# WORK TASK:
Pictures must not be copied, but every entry must be reproduced exactly.

+ + + +

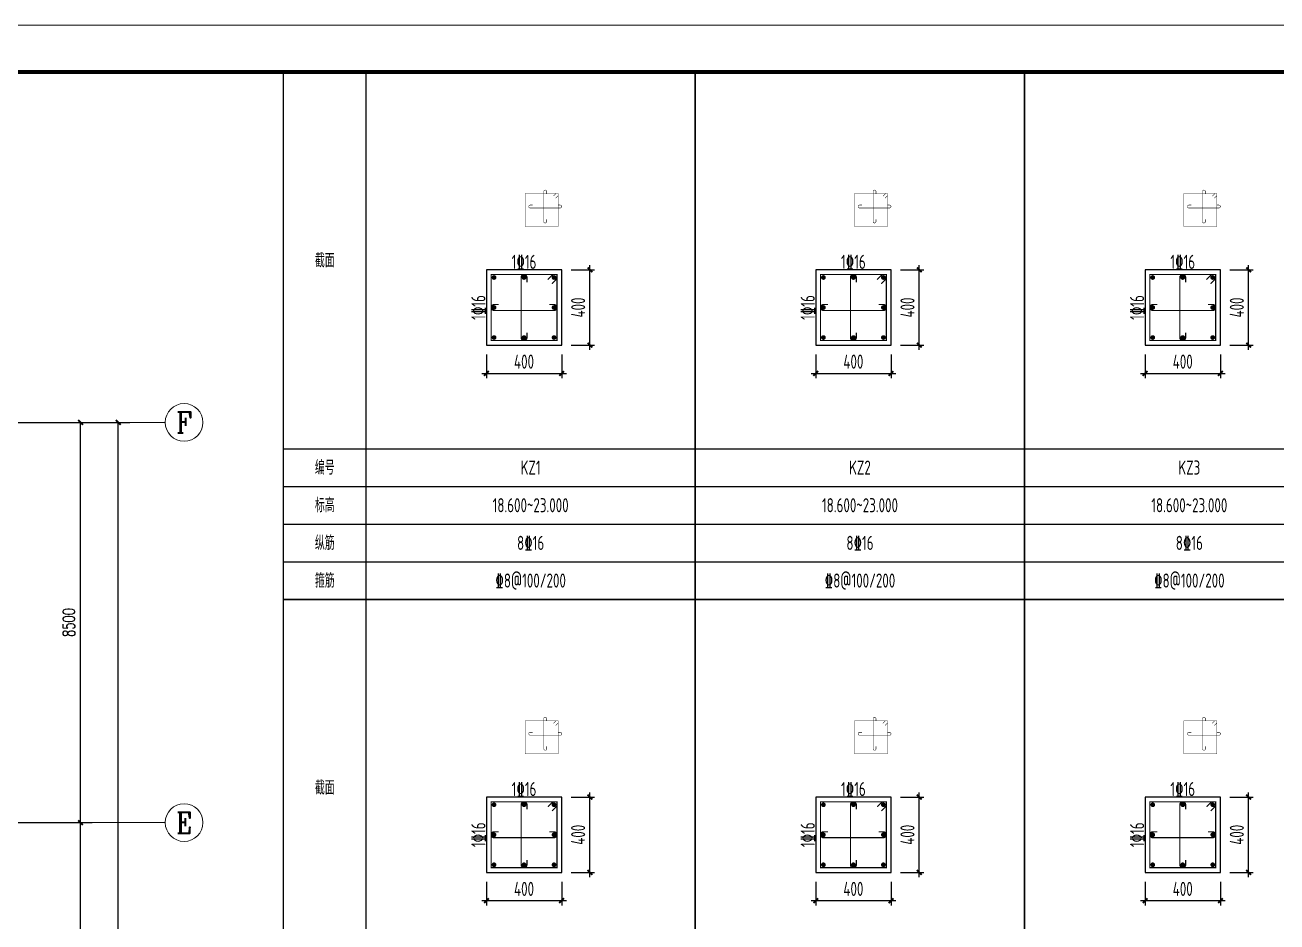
# Model space of a CAD drawing. Extents: x 3968514 to 5230306, y -516551 to -228246.
# Drawn here: x 5071841 to 5098450, y -319205 to -300153 of the extents above; entities that cross this region are included whole.
import ezdxf
from ezdxf.enums import TextEntityAlignment as Align

# ---------------------------------------------------------------- set-up
doc = ezdxf.new("R2010")
doc.units = 0
doc.header["$LTSCALE"] = 1000
doc.header["$MEASUREMENT"] = 0
for name, color, linetype, lineweight in [('AXIS', 3, 'Continuous', 15), ('AXIS_TEXT', 7, 'Continuous', 15), ('COLU-DE', 7, 'Continuous', 25), ('COLU-DE-DIM', 3, 'Continuous', 25), ('COLU-YW', 7, 'Continuous', 25), ('FRAME', 3, 'Continuous', 18), ('REIN-D', 6, 'Continuous', 50), ('REIN-L', 1, 'Continuous', 50), ('TAB', 144, 'Continuous', 25), ('TAB-TEXT', 7, 'Continuous', 25)]:
    doc.layers.add(name, color=color, linetype=linetype, lineweight=lineweight)
doc.styles.add('_TCH_AXIS', font='COMPLEX', dxfattribs={"bigfont": 'GBCBIG'})
doc.styles.add('_TCH_DIM_T3', font='SIMPLEX.shx', dxfattribs={"width": 0.7, "bigfont": 'GBCBIG.shx'})
doc.styles.add('COMPLEX', font='COMPLEX')
doc.styles.add('FromPkpm', font='Tssdeng.shx', dxfattribs={"width": 0.7, "bigfont": 'hztxt.shx'})
doc.dimstyles.new('_TCH_ARCH&&100', dxfattribs={"dimtxt": 255, "dimasz": 100, "dimexe": 250, "dimexo": 300, "dimgap": 122.5, "dimtad": 1, "dimdec": 0, "dimzin": 0, "dimdsep": 46, "dimtxsty": '_TCH_DIM_T3', "dimblk": 'ARCHTICK', "dimcen": 0.09, "dimclrt": 7, "dimazin": 2, "dimtfac": 1, "dimtdec": 0, "dimtix": 1, "dimtmove": 2, "dimatfit": 3, "dimfxl": 150, "dimtolj": 1, "dimtzin": 0, "dimarcsym": 0})
doc.dimstyles.new('Pkpm_1', dxfattribs={"dimtxt": 250, "dimasz": 100, "dimexe": 100, "dimexo": 0.0625, "dimgap": 100, "dimtad": 1, "dimdec": 0, "dimrnd": 1, "dimzin": 0, "dimdsep": 46, "dimtxsty": 'FromPkpm', "dimblk1": 'ARCHTICK', "dimblk2": 'ARCHTICK', "dimsah": 1, "dimcen": 0.09, "dimdle": 100, "dimadec": 0, "dimazin": 0, "dimtfac": 1, "dimtdec": 0, "dimtix": 1, "dimtmove": 2, "dimatfit": 1, "dimfxl": 1, "dimtolj": 1, "dimtzin": 0, "dimarcsym": 0})

# ---------------------------------------------------------------- blocks, each defined once
blk = doc.blocks.new('A$C0B803521')
at = {"layer": 'FRAME', "lineweight": 18}
blk.add_line((-15943, 93652), (-100043, 93652), dxfattribs=at)
at = {"layer": 'FRAME', "lineweight": 140}
blk.add_line((-16943, 92652), (-97543, 92652), dxfattribs=at)
blk = doc.blocks.new('_ArchTick')
at = {"color": 0, "linetype": 'ByBlock', "const_width": 0.4}
blk.add_lwpolyline([(-0.5, -0.5), (0.5, 0.5)], dxfattribs=at)
blk = doc.blocks.new('*D782')
at = {"layer": 'COLU-DE-DIM', "color": 0, "lineweight": -2, "transparency": 16777216}
for p, q in [((5081647, -318353), (5081647, -318853)), ((5083247, -318353), (5083247, -318853)), ((5081547, -318753), (5083347, -318753))]:
    blk.add_line(p, q, dxfattribs=at)
at = {"layer": 'Defpoints', "color": 0, "transparency": 16777216}
for p in [(5081647, -318153), (5083247, -318153), (5083247, -318753)]:
    blk.add_point(p, dxfattribs=at)
at = {"layer": 'COLU-DE-DIM', "color": 0, "lineweight": -2, "transparency": 16777216, "xscale": 100, "yscale": 100, "zscale": 100, "rotation": 180}
blk.add_blockref('_ArchTick', (5081647, -318753), dxfattribs=at)
at = {"layer": 'COLU-DE-DIM', "color": 0, "lineweight": -2, "transparency": 16777216, "xscale": 100, "yscale": 100, "zscale": 100}
blk.add_blockref('_ArchTick', (5083247, -318753), dxfattribs=at)
at = {"layer": 'COLU-DE-DIM', "color": 7, "transparency": 16777216, "insert": (5082447, -318503), "char_height": 300, "attachment_point": 5, "style": 'FromPkpm'}
blk.add_mtext('\\A1;400', dxfattribs=at)
blk = doc.blocks.new('*D781')
at = {"layer": 'COLU-DE-DIM', "color": 0, "lineweight": -2, "transparency": 16777216}
for p, q in [((5083447, -316553), (5083947, -316553)), ((5083847, -318253), (5083847, -316453)), ((5083447, -318153), (5083947, -318153))]:
    blk.add_line(p, q, dxfattribs=at)
at = {"layer": 'Defpoints', "color": 0, "transparency": 16777216}
for p in [(5083247, -316553), (5083847, -316553), (5083247, -318153)]:
    blk.add_point(p, dxfattribs=at)
at = {"layer": 'COLU-DE-DIM', "color": 0, "lineweight": -2, "transparency": 16777216, "xscale": 100, "yscale": 100, "zscale": 100}
for p, rotation in [((5083847, -316553), 90), ((5083847, -318153), 270)]:
    blk.add_blockref('_ArchTick', p, dxfattribs=dict(at, rotation=rotation))
at = {"layer": 'COLU-DE-DIM', "color": 7, "transparency": 16777216, "insert": (5083597, -317353), "char_height": 300, "attachment_point": 5, "rotation": 90, "style": 'FromPkpm'}
blk.add_mtext('\\A1;400', dxfattribs=at)
blk = doc.blocks.new('*D780')
at = {"layer": 'COLU-DE-DIM', "color": 0, "lineweight": -2, "transparency": 16777216}
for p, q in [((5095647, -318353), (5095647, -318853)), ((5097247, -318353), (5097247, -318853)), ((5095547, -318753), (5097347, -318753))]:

+ + + +

# OUTPUT OF THE EXERCISE:
# Model space of a CAD drawing. Extents: x 3968514 to 5230306, y -516551 to -228246.
# Drawn here: x 5071841 to 5098450, y -319205 to -300153 of the extents above; entities that cross this region are included whole.
import ezdxf
from ezdxf.enums import TextEntityAlignment as Align

# ---------------------------------------------------------------- set-up
doc = ezdxf.new("R2010")
doc.units = 0
doc.header["$LTSCALE"] = 1000
doc.header["$MEASUREMENT"] = 0
for name, color, linetype, lineweight in [('AXIS', 3, 'Continuous', 15), ('AXIS_TEXT', 7, 'Continuous', 15), ('COLU-DE', 7, 'Continuous', 25), ('COLU-DE-DIM', 3, 'Continuous', 25), ('COLU-YW', 7, 'Continuous', 25), ('FRAME', 3, 'Continuous', 18), ('REIN-D', 6, 'Continuous', 50), ('REIN-L', 1, 'Continuous', 50), ('TAB', 144, 'Continuous', 25), ('TAB-TEXT', 7, 'Continuous', 25)]:
    doc.layers.add(name, color=color, linetype=linetype, lineweight=lineweight)
doc.styles.add('_TCH_AXIS', font='COMPLEX', dxfattribs={"bigfont": 'GBCBIG'})
doc.styles.add('_TCH_DIM_T3', font='SIMPLEX.shx', dxfattribs={"width": 0.7, "bigfont": 'GBCBIG.shx'})
doc.styles.add('COMPLEX', font='COMPLEX')
doc.styles.add('FromPkpm', font='Tssdeng.shx', dxfattribs={"width": 0.7, "bigfont": 'hztxt.shx'})
doc.dimstyles.new('_TCH_ARCH&&100', dxfattribs={"dimtxt": 255, "dimasz": 100, "dimexe": 250, "dimexo": 300, "dimgap": 122.5, "dimtad": 1, "dimdec": 0, "dimzin": 0, "dimdsep": 46, "dimtxsty": '_TCH_DIM_T3', "dimblk": 'ARCHTICK', "dimcen": 0.09, "dimclrt": 7, "dimazin": 2, "dimtfac": 1, "dimtdec": 0, "dimtix": 1, "dimtmove": 2, "dimatfit": 3, "dimfxl": 150, "dimtolj": 1, "dimtzin": 0, "dimarcsym": 0})
doc.dimstyles.new('Pkpm_1', dxfattribs={"dimtxt": 250, "dimasz": 100, "dimexe": 100, "dimexo": 0.0625, "dimgap": 100, "dimtad": 1, "dimdec": 0, "dimrnd": 1, "dimzin": 0, "dimdsep": 46, "dimtxsty": 'FromPkpm', "dimblk1": 'ARCHTICK', "dimblk2": 'ARCHTICK', "dimsah": 1, "dimcen": 0.09, "dimdle": 100, "dimadec": 0, "dimazin": 0, "dimtfac": 1, "dimtdec": 0, "dimtix": 1, "dimtmove": 2, "dimatfit": 1, "dimfxl": 1, "dimtolj": 1, "dimtzin": 0, "dimarcsym": 0})

# ---------------------------------------------------------------- blocks, each defined once
blk = doc.blocks.new('A$C0B803521')
at = {"layer": 'FRAME', "lineweight": 18}
blk.add_line((-15943, 93652), (-100043, 93652), dxfattribs=at)
at = {"layer": 'FRAME', "lineweight": 140}
blk.add_line((-16943, 92652), (-97543, 92652), dxfattribs=at)
blk = doc.blocks.new('_ArchTick')
at = {"color": 0, "linetype": 'ByBlock', "const_width": 0.4}
blk.add_lwpolyline([(-0.5, -0.5), (0.5, 0.5)], dxfattribs=at)
blk = doc.blocks.new('*D782')
at = {"layer": 'COLU-DE-DIM', "color": 0, "lineweight": -2, "transparency": 16777216}
for p, q in [((5081647, -318353), (5081647, -318853)), ((5083247, -318353), (5083247, -318853)), ((5081547, -318753), (5083347, -318753))]:
    blk.add_line(p, q, dxfattribs=at)
at = {"layer": 'Defpoints', "color": 0, "transparency": 16777216}
for p in [(5081647, -318153), (5083247, -318153), (5083247, -318753)]:
    blk.add_point(p, dxfattribs=at)
at = {"layer": 'COLU-DE-DIM', "color": 0, "lineweight": -2, "transparency": 16777216, "xscale": 100, "yscale": 100, "zscale": 100, "rotation": 180}
blk.add_blockref('_ArchTick', (5081647, -318753), dxfattribs=at)
at = {"layer": 'COLU-DE-DIM', "color": 0, "lineweight": -2, "transparency": 16777216, "xscale": 100, "yscale": 100, "zscale": 100}
blk.add_blockref('_ArchTick', (5083247, -318753), dxfattribs=at)
at = {"layer": 'COLU-DE-DIM', "color": 7, "transparency": 16777216, "insert": (5082447, -318503), "char_height": 300, "attachment_point": 5, "style": 'FromPkpm'}
blk.add_mtext('\\A1;400', dxfattribs=at)
blk = doc.blocks.new('*D781')
at = {"layer": 'COLU-DE-DIM', "color": 0, "lineweight": -2, "transparency": 16777216}
for p, q in [((5083447, -316553), (5083947, -316553)), ((5083847, -318253), (5083847, -316453)), ((5083447, -318153), (5083947, -318153))]:
    blk.add_line(p, q, dxfattribs=at)
at = {"layer": 'Defpoints', "color": 0, "transparency": 16777216}
for p in [(5083247, -316553), (5083847, -316553), (5083247, -318153)]:
    blk.add_point(p, dxfattribs=at)
at = {"layer": 'COLU-DE-DIM', "color": 0, "lineweight": -2, "transparency": 16777216, "xscale": 100, "yscale": 100, "zscale": 100}
for p, rotation in [((5083847, -316553), 90), ((5083847, -318153), 270)]:
    blk.add_blockref('_ArchTick', p, dxfattribs=dict(at, rotation=rotation))
at = {"layer": 'COLU-DE-DIM', "color": 7, "transparency": 16777216, "insert": (5083597, -317353), "char_height": 300, "attachment_point": 5, "rotation": 90, "style": 'FromPkpm'}
blk.add_mtext('\\A1;400', dxfattribs=at)
blk = doc.blocks.new('*D780')
at = {"layer": 'COLU-DE-DIM', "color": 0, "lineweight": -2, "transparency": 16777216}
for p, q in [((5095647, -318353), (5095647, -318853)), ((5097247, -318353), (5097247, -318853)), ((5095547, -318753), (5097347, -318753))]:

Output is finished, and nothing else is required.